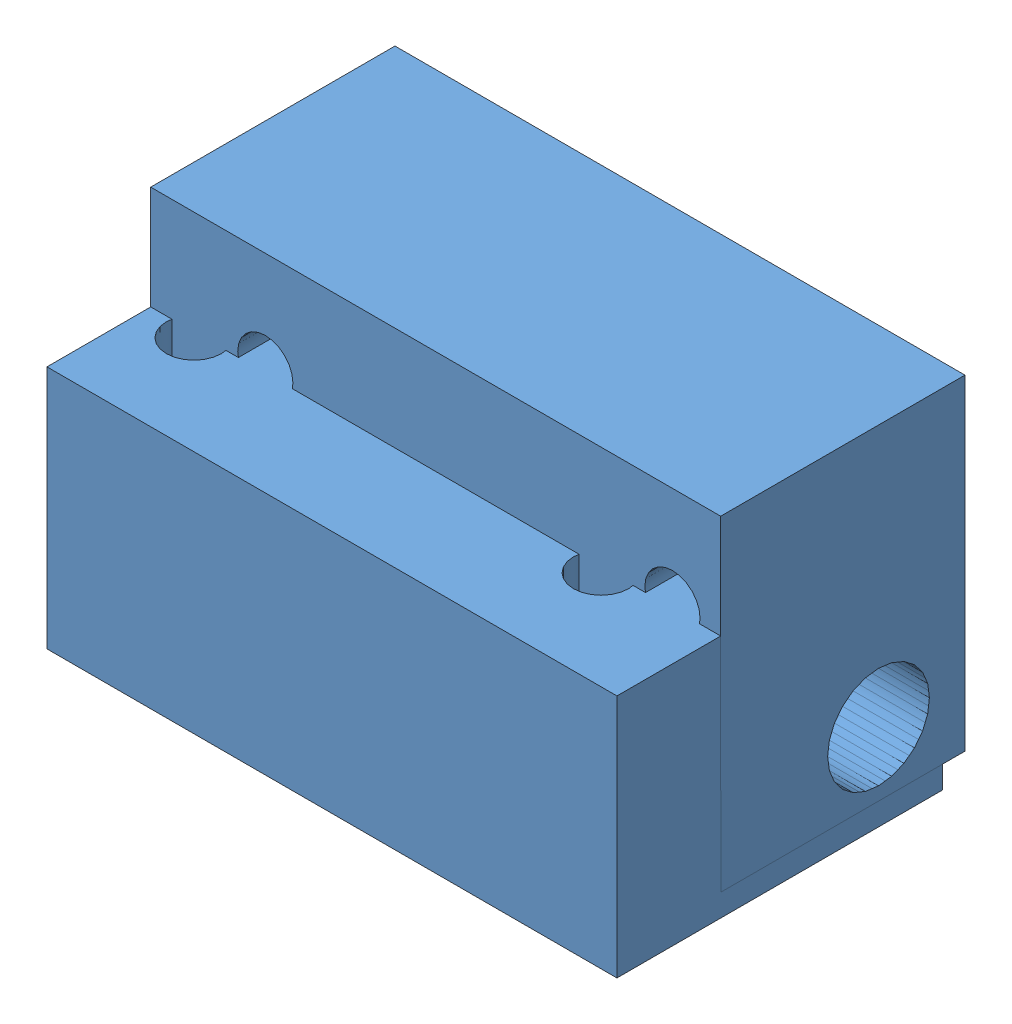
SolidWorks assembly Hinge1, configuration Default. Lengths in mm.
Overall size (44.45 27.15 27.15).
3 component instances, 2 part files, 3 mates.
Components (placement in the parent):
- Hinge2-1: Hinge2 [Default] at (39.8063 -5.4183 -30.6651) size (44.45 12.7 25.4)
- Rod1-1: Rod1 [Default] at (-16.8889 1.3286 -6.1216) x (0 0 -1) z (1 0 0) size (7.94 7.94 25.4)
- Hinge2-2: Hinge2 [Default] at (-29.1342 -23.2133 -12.8745) x (-1 0 0) z (0 1 0.000244) size (44.45 12.7 25.4)
Mates (geometry in assembly coordinates):
- Concentric3: concentric anti-aligned: circle of Rod1-1; circle of Hinge2-2
- Coincident6: coincident aligned: plane of Hinge2-1 through (-16.8889 7.2817 -11.1225) normal (-1 0 0); plane of Hinge2-2 through (-16.8889 -3.6738 -0.1697) normal (-1 0 0)
- Concentric4: concentric aligned: circle of Hinge2-1; circle of Hinge2-2

**Work request**
Reproduce exactly the lines from the one with "- Rod1-1: Rod1" through the last line of the entries, keeping both of those lines and nothing else.

**Response to the exercise**
- Rod1-1: Rod1 [Default] at (-16.8889 1.3286 -6.1216) x (0 0 -1) z (1 0 0) size (7.94 7.94 25.4)
- Hinge2-2: Hinge2 [Default] at (-29.1342 -23.2133 -12.8745) x (-1 0 0) z (0 1 0.000244) size (44.45 12.7 25.4)
Mates (geometry in assembly coordinates):
- Concentric3: concentric anti-aligned: circle of Rod1-1; circle of Hinge2-2
- Coincident6: coincident aligned: plane of Hinge2-1 through (-16.8889 7.2817 -11.1225) normal (-1 0 0); plane of Hinge2-2 through (-16.8889 -3.6738 -0.1697) normal (-1 0 0)
- Concentric4: concentric aligned: circle of Hinge2-1; circle of Hinge2-2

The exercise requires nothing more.